Vico foi, a princípio um grande
admirador de René Descartes (1596-1650). Este último chegou mesmo a influenciar
os escritos: tanto na metodologia quanto no ideário. Peter Burke defende que
Vico tinha a pretensão de apresentar as conclusões elementares da Scienza Nuova, à maneira do método
geométrico cartesiano. Igualmente, a própria Autobiogafia de Vico teve como modelo a narrativa do Discurso do Método (1637).
Posteriormente ocorreu, um desencanto: Vico passou a hostilizar as ideias
cartesianas. Na obra De nostri temporis
studiorum ratione (1708), ele principia os seus ataques contra o
cartesianismo por ser o método de Descartes um risco, em virtude do primado da
dedução. Para Vico, trata-se de algo insustentável, porque se descarta outras
formas de conhecimento e faculdades como a imaginação, em que reside a inventividade.
Embora não tenha obtido em sua época os devidos reconhecimentos, na
atualidade muitos intérpretes consideram Vico como um homem fora de seu tempo.
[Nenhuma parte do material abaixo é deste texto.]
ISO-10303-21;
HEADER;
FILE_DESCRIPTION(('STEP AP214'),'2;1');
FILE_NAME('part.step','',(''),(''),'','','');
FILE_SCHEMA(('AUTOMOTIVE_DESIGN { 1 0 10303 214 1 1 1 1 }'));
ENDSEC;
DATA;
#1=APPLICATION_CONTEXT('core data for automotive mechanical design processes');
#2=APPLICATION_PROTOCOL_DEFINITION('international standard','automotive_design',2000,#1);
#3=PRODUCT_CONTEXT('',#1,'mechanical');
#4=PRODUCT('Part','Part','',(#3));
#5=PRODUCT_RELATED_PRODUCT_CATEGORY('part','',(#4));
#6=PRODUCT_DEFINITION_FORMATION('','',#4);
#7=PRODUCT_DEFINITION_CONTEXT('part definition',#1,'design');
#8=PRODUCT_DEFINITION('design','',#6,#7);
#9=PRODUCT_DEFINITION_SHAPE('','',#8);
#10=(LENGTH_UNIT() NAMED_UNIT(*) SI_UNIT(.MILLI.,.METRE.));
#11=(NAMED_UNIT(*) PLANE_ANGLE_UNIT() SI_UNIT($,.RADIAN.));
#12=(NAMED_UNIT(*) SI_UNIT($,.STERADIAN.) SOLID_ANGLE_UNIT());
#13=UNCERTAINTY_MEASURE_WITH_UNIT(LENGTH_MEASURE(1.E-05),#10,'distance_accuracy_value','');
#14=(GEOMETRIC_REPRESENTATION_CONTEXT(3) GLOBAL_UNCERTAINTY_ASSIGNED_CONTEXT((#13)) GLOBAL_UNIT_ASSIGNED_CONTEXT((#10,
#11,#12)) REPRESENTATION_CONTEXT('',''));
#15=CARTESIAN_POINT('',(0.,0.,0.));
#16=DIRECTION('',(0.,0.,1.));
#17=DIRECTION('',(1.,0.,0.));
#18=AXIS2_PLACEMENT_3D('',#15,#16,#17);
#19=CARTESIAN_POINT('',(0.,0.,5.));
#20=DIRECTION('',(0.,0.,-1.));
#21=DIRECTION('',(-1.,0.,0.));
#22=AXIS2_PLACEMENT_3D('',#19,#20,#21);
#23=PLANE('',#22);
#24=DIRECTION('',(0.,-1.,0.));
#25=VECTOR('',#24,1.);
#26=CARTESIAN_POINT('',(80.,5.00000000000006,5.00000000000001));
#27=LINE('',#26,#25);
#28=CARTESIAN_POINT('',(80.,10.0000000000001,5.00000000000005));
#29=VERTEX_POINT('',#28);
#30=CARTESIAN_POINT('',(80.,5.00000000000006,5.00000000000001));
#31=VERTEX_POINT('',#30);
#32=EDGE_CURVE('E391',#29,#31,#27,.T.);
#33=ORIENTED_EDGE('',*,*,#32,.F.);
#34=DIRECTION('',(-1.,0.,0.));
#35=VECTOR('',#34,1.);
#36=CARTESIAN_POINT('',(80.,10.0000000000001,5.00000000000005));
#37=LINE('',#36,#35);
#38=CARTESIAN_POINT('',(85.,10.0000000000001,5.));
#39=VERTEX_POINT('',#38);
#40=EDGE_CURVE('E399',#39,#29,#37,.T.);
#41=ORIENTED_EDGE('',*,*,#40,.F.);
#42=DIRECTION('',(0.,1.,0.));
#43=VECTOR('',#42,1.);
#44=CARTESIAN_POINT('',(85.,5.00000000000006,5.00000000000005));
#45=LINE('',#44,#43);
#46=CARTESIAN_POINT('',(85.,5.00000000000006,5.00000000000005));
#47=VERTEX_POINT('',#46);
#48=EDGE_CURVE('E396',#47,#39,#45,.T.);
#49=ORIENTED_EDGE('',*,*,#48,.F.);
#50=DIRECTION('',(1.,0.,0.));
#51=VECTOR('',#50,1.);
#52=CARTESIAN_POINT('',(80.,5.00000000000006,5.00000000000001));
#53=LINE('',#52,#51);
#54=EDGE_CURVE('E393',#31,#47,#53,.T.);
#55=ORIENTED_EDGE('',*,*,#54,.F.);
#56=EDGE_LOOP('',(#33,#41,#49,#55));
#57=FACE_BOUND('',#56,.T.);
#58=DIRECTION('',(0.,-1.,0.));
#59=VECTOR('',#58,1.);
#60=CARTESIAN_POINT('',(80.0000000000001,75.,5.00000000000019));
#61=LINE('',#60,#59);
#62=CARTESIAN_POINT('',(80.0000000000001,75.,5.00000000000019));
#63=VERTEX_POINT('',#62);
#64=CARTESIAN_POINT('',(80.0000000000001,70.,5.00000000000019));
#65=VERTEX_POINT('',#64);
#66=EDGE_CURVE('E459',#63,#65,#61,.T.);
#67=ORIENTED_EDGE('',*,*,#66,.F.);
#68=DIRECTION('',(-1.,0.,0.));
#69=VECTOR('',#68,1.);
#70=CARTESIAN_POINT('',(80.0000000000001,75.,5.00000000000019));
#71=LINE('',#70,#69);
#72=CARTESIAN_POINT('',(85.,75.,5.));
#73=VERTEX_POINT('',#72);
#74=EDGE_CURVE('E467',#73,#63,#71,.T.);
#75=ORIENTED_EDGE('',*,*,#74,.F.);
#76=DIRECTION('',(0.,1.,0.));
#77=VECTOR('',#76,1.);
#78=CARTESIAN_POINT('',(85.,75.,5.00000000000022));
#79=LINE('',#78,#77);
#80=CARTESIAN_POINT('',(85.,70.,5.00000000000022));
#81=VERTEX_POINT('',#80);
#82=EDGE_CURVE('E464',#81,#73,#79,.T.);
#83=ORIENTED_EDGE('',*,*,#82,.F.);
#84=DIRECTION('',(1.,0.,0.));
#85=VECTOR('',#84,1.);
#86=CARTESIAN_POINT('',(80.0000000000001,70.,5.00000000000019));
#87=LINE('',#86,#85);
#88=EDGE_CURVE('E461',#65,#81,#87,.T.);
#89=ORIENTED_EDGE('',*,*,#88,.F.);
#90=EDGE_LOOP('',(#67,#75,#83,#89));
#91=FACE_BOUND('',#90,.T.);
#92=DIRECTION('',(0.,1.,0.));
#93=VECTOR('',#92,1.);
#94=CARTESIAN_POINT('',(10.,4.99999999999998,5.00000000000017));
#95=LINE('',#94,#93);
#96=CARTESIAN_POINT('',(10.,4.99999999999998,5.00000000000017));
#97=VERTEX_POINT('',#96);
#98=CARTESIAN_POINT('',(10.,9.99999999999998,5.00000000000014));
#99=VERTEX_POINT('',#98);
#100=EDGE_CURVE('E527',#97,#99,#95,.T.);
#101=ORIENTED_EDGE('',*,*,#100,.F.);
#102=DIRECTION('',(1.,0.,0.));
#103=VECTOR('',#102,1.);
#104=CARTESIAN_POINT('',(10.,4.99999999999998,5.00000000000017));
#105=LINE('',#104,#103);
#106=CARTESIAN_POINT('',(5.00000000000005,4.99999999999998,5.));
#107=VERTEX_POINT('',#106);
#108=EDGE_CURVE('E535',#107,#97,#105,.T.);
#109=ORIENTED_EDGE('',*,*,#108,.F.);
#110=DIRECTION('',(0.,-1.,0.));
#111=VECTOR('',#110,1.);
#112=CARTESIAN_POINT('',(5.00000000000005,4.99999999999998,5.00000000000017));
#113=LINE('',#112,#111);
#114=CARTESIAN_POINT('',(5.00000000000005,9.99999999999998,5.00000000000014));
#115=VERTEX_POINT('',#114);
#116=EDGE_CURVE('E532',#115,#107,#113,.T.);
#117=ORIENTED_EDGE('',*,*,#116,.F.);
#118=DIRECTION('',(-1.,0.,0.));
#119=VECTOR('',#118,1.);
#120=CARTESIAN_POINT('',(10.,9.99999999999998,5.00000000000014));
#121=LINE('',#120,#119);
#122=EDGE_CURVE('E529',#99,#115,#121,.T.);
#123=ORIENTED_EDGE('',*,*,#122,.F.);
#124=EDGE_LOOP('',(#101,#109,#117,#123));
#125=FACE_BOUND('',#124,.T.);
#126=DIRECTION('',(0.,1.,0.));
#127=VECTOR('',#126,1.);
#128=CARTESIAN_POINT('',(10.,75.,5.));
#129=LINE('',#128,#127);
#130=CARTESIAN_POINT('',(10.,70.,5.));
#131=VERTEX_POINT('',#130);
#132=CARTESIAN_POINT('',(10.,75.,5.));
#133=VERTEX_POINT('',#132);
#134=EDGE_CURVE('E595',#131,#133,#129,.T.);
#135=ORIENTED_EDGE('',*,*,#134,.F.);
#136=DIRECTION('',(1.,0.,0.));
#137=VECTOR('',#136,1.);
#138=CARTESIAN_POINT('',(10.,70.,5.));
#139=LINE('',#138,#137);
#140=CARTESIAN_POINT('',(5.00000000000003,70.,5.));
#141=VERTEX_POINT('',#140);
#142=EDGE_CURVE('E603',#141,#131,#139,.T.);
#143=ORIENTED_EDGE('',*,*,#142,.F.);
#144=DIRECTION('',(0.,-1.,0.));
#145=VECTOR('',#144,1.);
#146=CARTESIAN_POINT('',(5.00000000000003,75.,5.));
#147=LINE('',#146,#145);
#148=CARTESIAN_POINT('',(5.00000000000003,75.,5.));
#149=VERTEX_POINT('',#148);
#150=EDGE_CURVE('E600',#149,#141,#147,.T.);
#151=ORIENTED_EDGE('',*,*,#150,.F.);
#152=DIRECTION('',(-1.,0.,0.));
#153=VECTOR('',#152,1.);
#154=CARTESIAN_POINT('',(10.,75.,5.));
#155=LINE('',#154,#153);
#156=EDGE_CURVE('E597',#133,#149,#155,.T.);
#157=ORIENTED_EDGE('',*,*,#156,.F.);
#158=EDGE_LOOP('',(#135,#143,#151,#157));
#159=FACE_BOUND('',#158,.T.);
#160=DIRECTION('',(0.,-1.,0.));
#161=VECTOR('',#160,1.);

Isto é inverossímil, pois alguns estudos atestam a influência da época em seu
modo de pensar[10]. O
pensamento viquiano está perfeitamente inserido em seu tempo. Vico não possuía,
entretanto, como esclarece Berlin, o dom de expor as suas ideias com a clareza
de seus mentores intelectuais. Nasceu num período em que as concepções de seu
principal antagonista, Descartes, ditava justamente algo que ele não possuía,
ou seja, a clareza, pois o “novo método” caracterizava-se, em especial, pela
capacidade de expor as ideias de modo claro e preciso.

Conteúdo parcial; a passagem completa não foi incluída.